Wendy Fischer coordinates the Colorado Wildfire Academy and Great Plains Wildfire College. Her name is synonymous with wildfire training in the state. She also happens to be about the nicest, most approachable person. Invariably, as Kent talked to pretty much whomever would listen to this idea of a new school, the first response was, “Well, have you talked to Wendy?”

Well, talk we did. Eventually it all led to the formation of Colorado Firecamp and a long process to sign a ‘memorandum of understanding’ with the Rocky Mountain Coordinating Group. And, from there it continues to actually training firefighters.
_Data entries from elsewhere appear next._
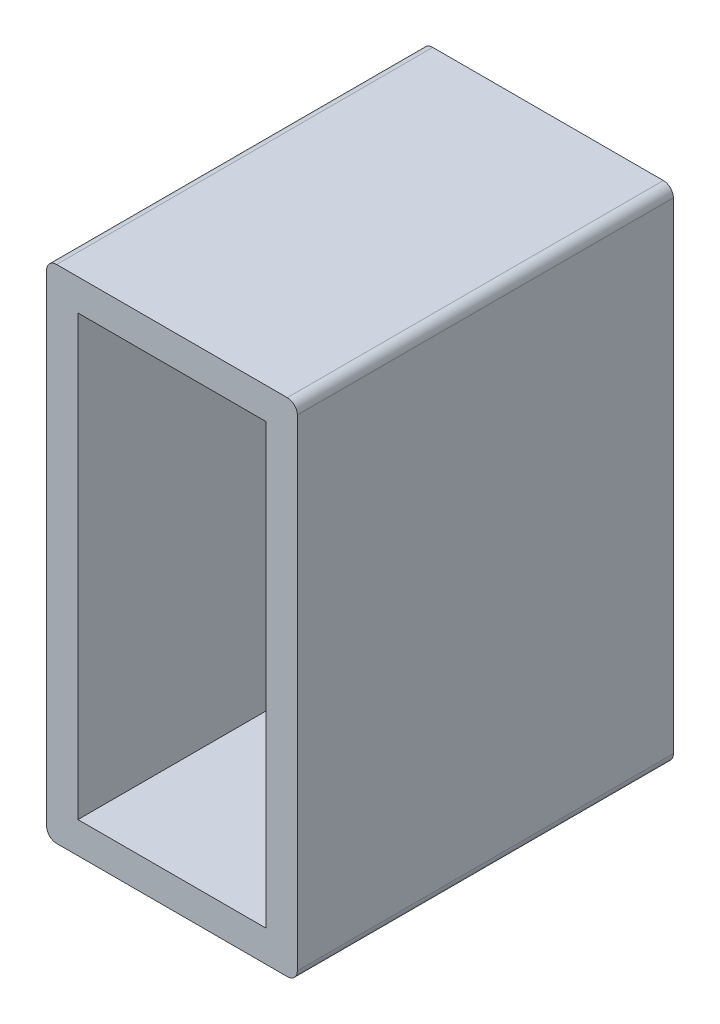
ISO-10303-21;
HEADER;
FILE_DESCRIPTION(('STEP AP214'),'2;1');
FILE_NAME('part.step','',(''),(''),'','','');
FILE_SCHEMA(('AUTOMOTIVE_DESIGN { 1 0 10303 214 1 1 1 1 }'));
ENDSEC;
DATA;
#1=APPLICATION_CONTEXT('core data for automotive mechanical design processes');
#2=APPLICATION_PROTOCOL_DEFINITION('international standard','automotive_design',2000,#1);
#3=PRODUCT_CONTEXT('',#1,'mechanical');
#4=PRODUCT('Part','Part','',(#3));
#5=PRODUCT_RELATED_PRODUCT_CATEGORY('part','',(#4));
#6=PRODUCT_DEFINITION_FORMATION('','',#4);
#7=PRODUCT_DEFINITION_CONTEXT('part definition',#1,'design');
#8=PRODUCT_DEFINITION('design','',#6,#7);
#9=PRODUCT_DEFINITION_SHAPE('','',#8);
#10=(LENGTH_UNIT() NAMED_UNIT(*) SI_UNIT(.MILLI.,.METRE.));
#11=(NAMED_UNIT(*) PLANE_ANGLE_UNIT() SI_UNIT($,.RADIAN.));
#12=(NAMED_UNIT(*) SI_UNIT($,.STERADIAN.) SOLID_ANGLE_UNIT());
#13=UNCERTAINTY_MEASURE_WITH_UNIT(LENGTH_MEASURE(1.E-05),#10,'distance_accuracy_value','');
#14=(GEOMETRIC_REPRESENTATION_CONTEXT(3) GLOBAL_UNCERTAINTY_ASSIGNED_CONTEXT((#13)) GLOBAL_UNIT_ASSIGNED_CONTEXT((#10,
#11,#12)) REPRESENTATION_CONTEXT('',''));
#15=CARTESIAN_POINT('',(0.,0.,0.));
#16=DIRECTION('',(0.,0.,1.));
#17=DIRECTION('',(1.,0.,0.));
#18=AXIS2_PLACEMENT_3D('',#15,#16,#17);
#19=CARTESIAN_POINT('',(-11.684,-24.384,19.05));
#20=DIRECTION('',(0.,0.,1.));
#21=DIRECTION('',(1.,0.,0.));
#22=AXIS2_PLACEMENT_3D('',#19,#20,#21);
#23=PLANE('',#22);
#24=CARTESIAN_POINT('',(-11.684,-24.384,19.05));
#25=DIRECTION('',(0.,0.,1.));
#26=DIRECTION('',(1.,0.,0.));
#27=AXIS2_PLACEMENT_3D('',#24,#25,#26);
#28=CIRCLE('',#27,1.016);
#29=CARTESIAN_POINT('',(-12.7,-24.384,19.05));
#30=VERTEX_POINT('',#29);
#31=CARTESIAN_POINT('',(-11.684,-25.4,19.05));
#32=VERTEX_POINT('',#31);
#33=EDGE_CURVE('E157',#30,#32,#28,.T.);
#34=ORIENTED_EDGE('',*,*,#33,.T.);
#35=DIRECTION('',(1.,0.,0.));
#36=VECTOR('',#35,1.);
#37=CARTESIAN_POINT('',(-11.684,-25.4,19.05));
#38=LINE('',#37,#36);
#39=CARTESIAN_POINT('',(11.684,-25.4,19.05));
#40=VERTEX_POINT('',#39);
#41=EDGE_CURVE('E160',#32,#40,#38,.T.);
#42=ORIENTED_EDGE('',*,*,#41,.T.);
#43=CARTESIAN_POINT('',(11.684,-24.384,19.05));
#44=DIRECTION('',(0.,0.,1.));
#45=DIRECTION('',(1.,0.,0.));
#46=AXIS2_PLACEMENT_3D('',#43,#44,#45);
#47=CIRCLE('',#46,1.016);
#48=CARTESIAN_POINT('',(12.7,-24.384,19.05));
#49=VERTEX_POINT('',#48);
#50=EDGE_CURVE('E163',#40,#49,#47,.T.);
#51=ORIENTED_EDGE('',*,*,#50,.T.);
#52=DIRECTION('',(0.,1.,0.));
#53=VECTOR('',#52,1.);
#54=CARTESIAN_POINT('',(12.7,-24.384,19.05));
#55=LINE('',#54,#53);
#56=CARTESIAN_POINT('',(12.7,24.384,19.05));
#57=VERTEX_POINT('',#56);
#58=EDGE_CURVE('E165',#49,#57,#55,.T.);
#59=ORIENTED_EDGE('',*,*,#58,.T.);
#60=CARTESIAN_POINT('',(11.684,24.384,19.05));
#61=DIRECTION('',(0.,0.,1.));
#62=DIRECTION('',(1.,0.,0.));
#63=AXIS2_PLACEMENT_3D('',#60,#61,#62);
#64=CIRCLE('',#63,1.016);
#65=CARTESIAN_POINT('',(11.684,25.4,19.05));
#66=VERTEX_POINT('',#65);
#67=EDGE_CURVE('E167',#57,#66,#64,.T.);
#68=ORIENTED_EDGE('',*,*,#67,.T.);
#69=DIRECTION('',(-1.,0.,0.));
#70=VECTOR('',#69,1.);
#71=CARTESIAN_POINT('',(-11.684,25.4,19.05));
#72=LINE('',#71,#70);
#73=CARTESIAN_POINT('',(-11.684,25.4,19.05));
#74=VERTEX_POINT('',#73);
#75=EDGE_CURVE('E169',#66,#74,#72,.T.);
#76=ORIENTED_EDGE('',*,*,#75,.T.);
#77=CARTESIAN_POINT('',(-11.684,24.384,19.05));
#78=DIRECTION('',(0.,0.,1.));
#79=DIRECTION('',(1.,0.,0.));
#80=AXIS2_PLACEMENT_3D('',#77,#78,#79);
#81=CIRCLE('',#80,1.016);
#82=CARTESIAN_POINT('',(-12.7,24.384,19.05));
#83=VERTEX_POINT('',#82);
#84=EDGE_CURVE('E171',#74,#83,#81,.T.);
#85=ORIENTED_EDGE('',*,*,#84,.T.);
#86=DIRECTION('',(0.,-1.,0.));
#87=VECTOR('',#86,1.);
#88=CARTESIAN_POINT('',(-12.7,-24.384,19.05));
#89=LINE('',#88,#87);
#90=EDGE_CURVE('E173',#83,#30,#89,.T.);
#91=ORIENTED_EDGE('',*,*,#90,.T.);
#92=EDGE_LOOP('',(#34,#42,#51,#59,#68,#76,#85,#91));
#93=FACE_BOUND('',#92,.T.);
#94=DIRECTION('',(1.,0.,0.));
#95=VECTOR('',#94,1.);
#96=CARTESIAN_POINT('',(-9.525,-22.225,19.05));
#97=LINE('',#96,#95);
#98=CARTESIAN_POINT('',(-9.525,-22.225,19.05));
#99=VERTEX_POINT('',#98);
#100=CARTESIAN_POINT('',(9.525,-22.225,19.05));
#101=VERTEX_POINT('',#100);
#102=EDGE_CURVE('E129',#99,#101,#97,.T.);
#103=ORIENTED_EDGE('',*,*,#102,.F.);
#104=DIRECTION('',(0.,-1.,0.));
#105=VECTOR('',#104,1.);
#106=CARTESIAN_POINT('',(-9.525,-22.225,19.05));
#107=LINE('',#106,#105);
#108=CARTESIAN_POINT('',(-9.525,22.225,19.05));
#109=VERTEX_POINT('',#108);
#110=EDGE_CURVE('E121',#109,#99,#107,.T.);
#111=ORIENTED_EDGE('',*,*,#110,.F.);
#112=DIRECTION('',(-1.,0.,0.));
#113=VECTOR('',#112,1.);
#114=CARTESIAN_POINT('',(-9.525,22.225,19.05));
#115=LINE('',#114,#113);
#116=CARTESIAN_POINT('',(9.525,22.225,19.05));
#117=VERTEX_POINT('',#116);
#118=EDGE_CURVE('E143',#117,#109,#115,.T.);
#119=ORIENTED_EDGE('',*,*,#118,.F.);
#120=DIRECTION('',(0.,1.,0.));
#121=VECTOR('',#120,1.);
#122=CARTESIAN_POINT('',(9.525,-22.225,19.05));
#123=LINE('',#122,#121);
#124=EDGE_CURVE('E141',#101,#117,#123,.T.);
#125=ORIENTED_EDGE('',*,*,#124,.F.);
#126=EDGE_LOOP('',(#103,#111,#119,#125));
#127=FACE_BOUND('',#126,.T.);
#128=ADVANCED_FACE('F32',(#93,#127),#23,.T.);
#129=CARTESIAN_POINT('',(-11.684,-24.384,-19.05));
#130=DIRECTION('',(0.,0.,1.));
#131=DIRECTION('',(1.,0.,0.));
#132=AXIS2_PLACEMENT_3D('',#129,#130,#131);
#133=PLANE('',#132);
#134=CARTESIAN_POINT('',(-11.684,-24.384,-19.05));
#135=DIRECTION('',(0.,0.,1.));
#136=DIRECTION('',(1.,0.,0.));
#137=AXIS2_PLACEMENT_3D('',#134,#135,#136);
#138=CIRCLE('',#137,1.016);
#139=CARTESIAN_POINT('',(-12.7,-24.384,-19.05));
#140=VERTEX_POINT('',#139);
#141=CARTESIAN_POINT('',(-11.684,-25.4,-19.05));
#142=VERTEX_POINT('',#141);
#143=EDGE_CURVE('E137',#140,#142,#138,.T.);
#144=ORIENTED_EDGE('',*,*,#143,.F.);
#145=DIRECTION('',(0.,-1.,0.));
#146=VECTOR('',#145,1.);
#147=CARTESIAN_POINT('',(-12.7,-24.384,-19.05));
#148=LINE('',#147,#146);
#149=CARTESIAN_POINT('',(-12.7,24.384,-19.05));
#150=VERTEX_POINT('',#149);
#151=EDGE_CURVE('E161',#150,#140,#148,.T.);
#152=ORIENTED_EDGE('',*,*,#151,.F.);
#153=CARTESIAN_POINT('',(-11.684,24.384,-19.05));
#154=DIRECTION('',(0.,0.,1.));
#155=DIRECTION('',(1.,0.,0.));
#156=AXIS2_PLACEMENT_3D('',#153,#154,#155);
#157=CIRCLE('',#156,1.016);
#158=CARTESIAN_POINT('',(-11.684,25.4,-19.05));
#159=VERTEX_POINT('',#158);
#160=EDGE_CURVE('E188',#159,#150,#157,.T.);
#161=ORIENTED_EDGE('',*,*,#160,.F.);
#162=DIRECTION('',(-1.,0.,0.));
#163=VECTOR('',#162,1.);
#164=CARTESIAN_POINT('',(-11.684,25.4,-19.05));
#165=LINE('',#164,#163);
#166=CARTESIAN_POINT('',(11.684,25.4,-19.05));
#167=VERTEX_POINT('',#166);
#168=EDGE_CURVE('E186',#167,#159,#165,.T.);
#169=ORIENTED_EDGE('',*,*,#168,.F.);
#170=CARTESIAN_POINT('',(11.684,24.384,-19.05));
#171=DIRECTION('',(0.,0.,1.));
#172=DIRECTION('',(1.,0.,0.));
#173=AXIS2_PLACEMENT_3D('',#170,#171,#172);
#174=CIRCLE('',#173,1.016);
#175=CARTESIAN_POINT('',(12.7,24.384,-19.05));
#176=VERTEX_POINT('',#175);
#177=EDGE_CURVE('E184',#176,#167,#174,.T.);
#178=ORIENTED_EDGE('',*,*,#177,.F.);
#179=DIRECTION('',(0.,1.,0.));
#180=VECTOR('',#179,1.);
#181=CARTESIAN_POINT('',(12.7,-24.384,-19.05));
#182=LINE('',#181,#180);
#183=CARTESIAN_POINT('',(12.7,-24.384,-19.05));
#184=VERTEX_POINT('',#183);
#185=EDGE_CURVE('E182',#184,#176,#182,.T.);
#186=ORIENTED_EDGE('',*,*,#185,.F.);
#187=CARTESIAN_POINT('',(11.684,-24.384,-19.05));
#188=DIRECTION('',(0.,0.,1.));
#189=DIRECTION('',(1.,0.,0.));
#190=AXIS2_PLACEMENT_3D('',#187,#188,#189);
#191=CIRCLE('',#190,1.016);
#192=CARTESIAN_POINT('',(11.684,-25.4,-19.05));
#193=VERTEX_POINT('',#192);
#194=EDGE_CURVE('E180',#193,#184,#191,.T.);
#195=ORIENTED_EDGE('',*,*,#194,.F.);
#196=DIRECTION('',(1.,0.,0.));
#197=VECTOR('',#196,1.);
#198=CARTESIAN_POINT('',(-11.684,-25.4,-19.05));
#199=LINE('',#198,#197);
#200=EDGE_CURVE('E178',#142,#193,#199,.T.);
#201=ORIENTED_EDGE('',*,*,#200,.F.);
#202=EDGE_LOOP('',(#144,#152,#161,#169,#178,#186,#195,#201));
#203=FACE_BOUND('',#202,.T.);
#204=DIRECTION('',(0.,-1.,0.));
#205=VECTOR('',#204,1.);
#206=CARTESIAN_POINT('',(-9.525,-22.225,-19.05));
#207=LINE('',#206,#205);
#208=CARTESIAN_POINT('',(-9.525,22.225,-19.05));
#209=VERTEX_POINT('',#208);
#210=CARTESIAN_POINT('',(-9.525,-22.225,-19.05));
#211=VERTEX_POINT('',#210);
#212=EDGE_CURVE('E55',#209,#211,#207,.T.);
#213=ORIENTED_EDGE('',*,*,#212,.T.);
#214=DIRECTION('',(1.,0.,0.));
#215=VECTOR('',#214,1.);
#216=CARTESIAN_POINT('',(-9.525,-22.225,-19.05));
#217=LINE('',#216,#215);
#218=CARTESIAN_POINT('',(9.525,-22.225,-19.05));
#219=VERTEX_POINT('',#218);
#220=EDGE_CURVE('E136',#211,#219,#217,.T.);
#221=ORIENTED_EDGE('',*,*,#220,.T.);
#222=DIRECTION('',(0.,1.,0.));
#223=VECTOR('',#222,1.);
#224=CARTESIAN_POINT('',(9.525,-22.225,-19.05));
#225=LINE('',#224,#223);
#226=CARTESIAN_POINT('',(9.525,22.225,-19.05));
#227=VERTEX_POINT('',#226);
#228=EDGE_CURVE('E149',#219,#227,#225,.T.);
#229=ORIENTED_EDGE('',*,*,#228,.T.);
#230=DIRECTION('',(-1.,0.,0.));
#231=VECTOR('',#230,1.);
#232=CARTESIAN_POINT('',(-9.525,22.225,-19.05));
#233=LINE('',#232,#231);
#234=EDGE_CURVE('E130',#227,#209,#233,.T.);
#235=ORIENTED_EDGE('',*,*,#234,.T.);
#236=EDGE_LOOP('',(#213,#221,#229,#235));
#237=FACE_BOUND('',#236,.T.);
#238=ADVANCED_FACE('F218',(#203,#237),#133,.F.);
#239=CARTESIAN_POINT('',(-11.684,-24.384,19.05));
#240=DIRECTION('',(0.,0.,-1.));
#241=DIRECTION('',(-1.,0.,0.));
#242=AXIS2_PLACEMENT_3D('',#239,#240,#241);
#243=CYLINDRICAL_SURFACE('',#242,1.016);
#244=ORIENTED_EDGE('',*,*,#143,.T.);
#245=DIRECTION('',(0.,0.,-1.));
#246=VECTOR('',#245,1.);
#247=CARTESIAN_POINT('',(-11.684,-25.4,19.05));
#248=LINE('',#247,#246);
#249=EDGE_CURVE('E11',#32,#142,#248,.T.);
#250=ORIENTED_EDGE('',*,*,#249,.F.);
#251=ORIENTED_EDGE('',*,*,#33,.F.);
#252=DIRECTION('',(0.,0.,-1.));
#253=VECTOR('',#252,1.);
#254=CARTESIAN_POINT('',(-12.7,-24.384,19.05));
#255=LINE('',#254,#253);
#256=EDGE_CURVE('E175',#30,#140,#255,.T.);
#257=ORIENTED_EDGE('',*,*,#256,.T.);
#258=EDGE_LOOP('',(#244,#250,#251,#257));
#259=FACE_BOUND('',#258,.T.);
#260=ADVANCED_FACE('F34',(#259),#243,.T.);
#261=CARTESIAN_POINT('',(-11.684,-25.4,19.05));
#262=DIRECTION('',(0.,1.,0.));
#263=DIRECTION('',(0.,0.,1.));
#264=AXIS2_PLACEMENT_3D('',#261,#262,#263);
#265=PLANE('',#264);
#266=ORIENTED_EDGE('',*,*,#200,.T.);
#267=DIRECTION('',(0.,0.,-1.));
#268=VECTOR('',#267,1.);
#269=CARTESIAN_POINT('',(11.684,-25.4,19.05));
#270=LINE('',#269,#268);
#271=EDGE_CURVE('E40',#40,#193,#270,.T.);
#272=ORIENTED_EDGE('',*,*,#271,.F.);
#273=ORIENTED_EDGE('',*,*,#41,.F.);
#274=ORIENTED_EDGE('',*,*,#249,.T.);
#275=EDGE_LOOP('',(#266,#272,#273,#274));
#276=FACE_BOUND('',#275,.T.);
#277=ADVANCED_FACE('F235',(#276),#265,.F.);
#278=CARTESIAN_POINT('',(11.684,-24.384,19.05));
#279=DIRECTION('',(0.,0.,-1.));
#280=DIRECTION('',(-1.,0.,0.));
#281=AXIS2_PLACEMENT_3D('',#278,#279,#280);
#282=CYLINDRICAL_SURFACE('',#281,1.016);
#283=ORIENTED_EDGE('',*,*,#194,.T.);
#284=DIRECTION('',(0.,0.,-1.));
#285=VECTOR('',#284,1.);
#286=CARTESIAN_POINT('',(12.7,-24.384,19.05));
#287=LINE('',#286,#285);
#288=EDGE_CURVE('E205',#49,#184,#287,.T.);
#289=ORIENTED_EDGE('',*,*,#288,.F.);
#290=ORIENTED_EDGE('',*,*,#50,.F.);
#291=ORIENTED_EDGE('',*,*,#271,.T.);
#292=EDGE_LOOP('',(#283,#289,#290,#291));
#293=FACE_BOUND('',#292,.T.);
#294=ADVANCED_FACE('F212',(#293),#282,.T.);
#295=CARTESIAN_POINT('',(12.7,-24.384,19.05));
#296=DIRECTION('',(-1.,0.,0.));
#297=DIRECTION('',(0.,0.,1.));
#298=AXIS2_PLACEMENT_3D('',#295,#296,#297);
#299=PLANE('',#298);
#300=ORIENTED_EDGE('',*,*,#185,.T.);
#301=DIRECTION('',(0.,0.,-1.));
#302=VECTOR('',#301,1.);
#303=CARTESIAN_POINT('',(12.7,24.384,19.05));
#304=LINE('',#303,#302);
#305=EDGE_CURVE('E202',#57,#176,#304,.T.);
#306=ORIENTED_EDGE('',*,*,#305,.F.);
#307=ORIENTED_EDGE('',*,*,#58,.F.);
#308=ORIENTED_EDGE('',*,*,#288,.T.);
#309=EDGE_LOOP('',(#300,#306,#307,#308));
#310=FACE_BOUND('',#309,.T.);
#311=ADVANCED_FACE('F224',(#310),#299,.F.);
#312=CARTESIAN_POINT('',(11.684,24.384,19.05));
#313=DIRECTION('',(0.,0.,-1.));
#314=DIRECTION('',(-1.,0.,0.));
#315=AXIS2_PLACEMENT_3D('',#312,#313,#314);
#316=CYLINDRICAL_SURFACE('',#315,1.016);
#317=ORIENTED_EDGE('',*,*,#177,.T.);
#318=DIRECTION('',(0.,0.,-1.));
#319=VECTOR('',#318,1.);
#320=CARTESIAN_POINT('',(11.684,25.4,19.05));
#321=LINE('',#320,#319);
#322=EDGE_CURVE('E199',#66,#167,#321,.T.);
#323=ORIENTED_EDGE('',*,*,#322,.F.);
#324=ORIENTED_EDGE('',*,*,#67,.F.);
#325=ORIENTED_EDGE('',*,*,#305,.T.);
#326=EDGE_LOOP('',(#317,#323,#324,#325));
#327=FACE_BOUND('',#326,.T.);
#328=ADVANCED_FACE('F228',(#327),#316,.T.);
#329=CARTESIAN_POINT('',(-11.684,25.4,19.05));
#330=DIRECTION('',(0.,-1.,0.));
#331=DIRECTION('',(0.,0.,-1.));
#332=AXIS2_PLACEMENT_3D('',#329,#330,#331);
#333=PLANE('',#332);
#334=ORIENTED_EDGE('',*,*,#168,.T.);
#335=DIRECTION('',(0.,0.,-1.));
#336=VECTOR('',#335,1.);
#337=CARTESIAN_POINT('',(-11.684,25.4,19.05));
#338=LINE('',#337,#336);
#339=EDGE_CURVE('E196',#74,#159,#338,.T.);
#340=ORIENTED_EDGE('',*,*,#339,.F.);
#341=ORIENTED_EDGE('',*,*,#75,.F.);
#342=ORIENTED_EDGE('',*,*,#322,.T.);
#343=EDGE_LOOP('',(#334,#340,#341,#342));
#344=FACE_BOUND('',#343,.T.);
#345=ADVANCED_FACE('F248',(#344),#333,.F.);
#346=CARTESIAN_POINT('',(-11.684,24.384,19.05));
#347=DIRECTION('',(0.,0.,-1.));
#348=DIRECTION('',(-1.,0.,0.));
#349=AXIS2_PLACEMENT_3D('',#346,#347,#348);
#350=CYLINDRICAL_SURFACE('',#349,1.016);
#351=ORIENTED_EDGE('',*,*,#160,.T.);
#352=DIRECTION('',(0.,0.,-1.));
#353=VECTOR('',#352,1.);
#354=CARTESIAN_POINT('',(-12.7,24.384,19.05));
#355=LINE('',#354,#353);
#356=EDGE_CURVE('E193',#83,#150,#355,.T.);
#357=ORIENTED_EDGE('',*,*,#356,.F.);
#358=ORIENTED_EDGE('',*,*,#84,.F.);
#359=ORIENTED_EDGE('',*,*,#339,.T.);
#360=EDGE_LOOP('',(#351,#357,#358,#359));
#361=FACE_BOUND('',#360,.T.);
#362=ADVANCED_FACE('F246',(#361),#350,.T.);
#363=CARTESIAN_POINT('',(-12.7,-24.384,19.05));
#364=DIRECTION('',(1.,0.,0.));
#365=DIRECTION('',(0.,0.,-1.));
#366=AXIS2_PLACEMENT_3D('',#363,#364,#365);
#367=PLANE('',#366);
#368=ORIENTED_EDGE('',*,*,#151,.T.);
#369=ORIENTED_EDGE('',*,*,#256,.F.);
#370=ORIENTED_EDGE('',*,*,#90,.F.);
#371=ORIENTED_EDGE('',*,*,#356,.T.);
#372=EDGE_LOOP('',(#368,#369,#370,#371));
#373=FACE_BOUND('',#372,.T.);
#374=ADVANCED_FACE('F241',(#373),#367,.F.);
#375=CARTESIAN_POINT('',(-9.525,-22.225,19.05));
#376=DIRECTION('',(1.,0.,0.));
#377=DIRECTION('',(0.,0.,-1.));
#378=AXIS2_PLACEMENT_3D('',#375,#376,#377);
#379=PLANE('',#378);
#380=ORIENTED_EDGE('',*,*,#212,.F.);
#381=DIRECTION('',(0.,0.,-1.));
#382=VECTOR('',#381,1.);
#383=CARTESIAN_POINT('',(-9.525,22.225,19.05));
#384=LINE('',#383,#382);
#385=EDGE_CURVE('E125',#109,#209,#384,.T.);
#386=ORIENTED_EDGE('',*,*,#385,.F.);
#387=ORIENTED_EDGE('',*,*,#110,.T.);
#388=DIRECTION('',(0.,0.,-1.));
#389=VECTOR('',#388,1.);
#390=CARTESIAN_POINT('',(-9.525,-22.225,19.05));
#391=LINE('',#390,#389);
#392=EDGE_CURVE('E124',#99,#211,#391,.T.);
#393=ORIENTED_EDGE('',*,*,#392,.T.);
#394=EDGE_LOOP('',(#380,#386,#387,#393));
#395=FACE_BOUND('',#394,.T.);
#396=ADVANCED_FACE('F123',(#395),#379,.T.);
#397=CARTESIAN_POINT('',(-9.525,-22.225,19.05));
#398=DIRECTION('',(0.,1.,0.));
#399=DIRECTION('',(0.,0.,1.));
#400=AXIS2_PLACEMENT_3D('',#397,#398,#399);
#401=PLANE('',#400);
#402=ORIENTED_EDGE('',*,*,#220,.F.);
#403=ORIENTED_EDGE('',*,*,#392,.F.);
#404=ORIENTED_EDGE('',*,*,#102,.T.);
#405=DIRECTION('',(0.,0.,-1.));
#406=VECTOR('',#405,1.);
#407=CARTESIAN_POINT('',(9.525,-22.225,19.05));
#408=LINE('',#407,#406);
#409=EDGE_CURVE('E138',#101,#219,#408,.T.);
#410=ORIENTED_EDGE('',*,*,#409,.T.);
#411=EDGE_LOOP('',(#402,#403,#404,#410));
#412=FACE_BOUND('',#411,.T.);
#413=ADVANCED_FACE('F133',(#412),#401,.T.);
#414=CARTESIAN_POINT('',(9.525,-22.225,19.05));
#415=DIRECTION('',(-1.,0.,0.));
#416=DIRECTION('',(0.,-1.,0.));
#417=AXIS2_PLACEMENT_3D('',#414,#415,#416);
#418=PLANE('',#417);
#419=ORIENTED_EDGE('',*,*,#228,.F.);
#420=ORIENTED_EDGE('',*,*,#409,.F.);
#421=ORIENTED_EDGE('',*,*,#124,.T.);
#422=DIRECTION('',(0.,0.,-1.));
#423=VECTOR('',#422,1.);
#424=CARTESIAN_POINT('',(9.525,22.225,19.05));
#425=LINE('',#424,#423);
#426=EDGE_CURVE('E47',#117,#227,#425,.T.);
#427=ORIENTED_EDGE('',*,*,#426,.T.);
#428=EDGE_LOOP('',(#419,#420,#421,#427));
#429=FACE_BOUND('',#428,.T.);
#430=ADVANCED_FACE('F273',(#429),#418,.T.);
#431=CARTESIAN_POINT('',(-9.525,22.225,19.05));
#432=DIRECTION('',(0.,-1.,0.));
#433=DIRECTION('',(1.,0.,0.));
#434=AXIS2_PLACEMENT_3D('',#431,#432,#433);
#435=PLANE('',#434);
#436=ORIENTED_EDGE('',*,*,#234,.F.);
#437=ORIENTED_EDGE('',*,*,#426,.F.);
#438=ORIENTED_EDGE('',*,*,#118,.T.);
#439=ORIENTED_EDGE('',*,*,#385,.T.);
#440=EDGE_LOOP('',(#436,#437,#438,#439));
#441=FACE_BOUND('',#440,.T.);
#442=ADVANCED_FACE('F277',(#441),#435,.T.);
#443=CLOSED_SHELL('',(#128,#238,#260,#277,#294,#311,#328,#345,#362,#374,#396,#413,#430,#442));
#444=MANIFOLD_SOLID_BREP('B2',#443);
#445=ADVANCED_BREP_SHAPE_REPRESENTATION('',(#18,#444),#14);
#446=SHAPE_DEFINITION_REPRESENTATION(#9,#445);
ENDSEC;
END-ISO-10303-21;

What comes next? We're not exactly sure.



Credit where Credit is Due
other people who helped us get started

  • Dick and Enid Bauer — Kent's parents own the Ponderosa Lodge. Without their support and willingness to provide a home for Colorado Firecamp, none of this would be possible.

  • Pete DeChant and Joel Kemm—The former Salida Fire Chief and USFS Mountain Zone FMO, respectively. Both gave many months of advice and encouragement while the MOU process dragged on.

  • Charlie Medina and Sam Schroeder —Charlie is the USFS Salida District Ranger, and Sam (whose title we never quite figured out) is the guy that gets things done for the district. Their support and guidance has been invaluable.

  • Ed Skerjanic—FMO for the BLM Royal Gorge field office. Ed's enthusiastic response to an early e-mail convinced us that we had an idea that could work.

  • Tracy Beaudin and Quinn MacLeod — The former and current Pueblo Zone training reps. Like most people who do this stuff, Tracy and Quinn have taken on training as a collateral duty. Still, they found time to help us out, too.

  • Andy Parker — BLM Assistant FMO for Colorado. Andy objected to the Rocky Mountain Area signing the MOU for Colorado Firecamp, on grounds that when training isn't done right, it jeopardizes firefighter safety. While we disagreed about the MOU, his influence is felt in our passion for firefighter safety.

  • Kim Bang—Rocky Mountain Area training representative. The NWCG training system is not perfect. Kim's common sense approach helps resolve issues where the pieces don't quite fit.

  • Jim Strain —FMO for the state of South Dakota and former Region 2 training chair. Jim was the shepherd who got the MOU through the process. His feedback on possible names is why we chose ‘Colorado Firecamp’ as the name of this school.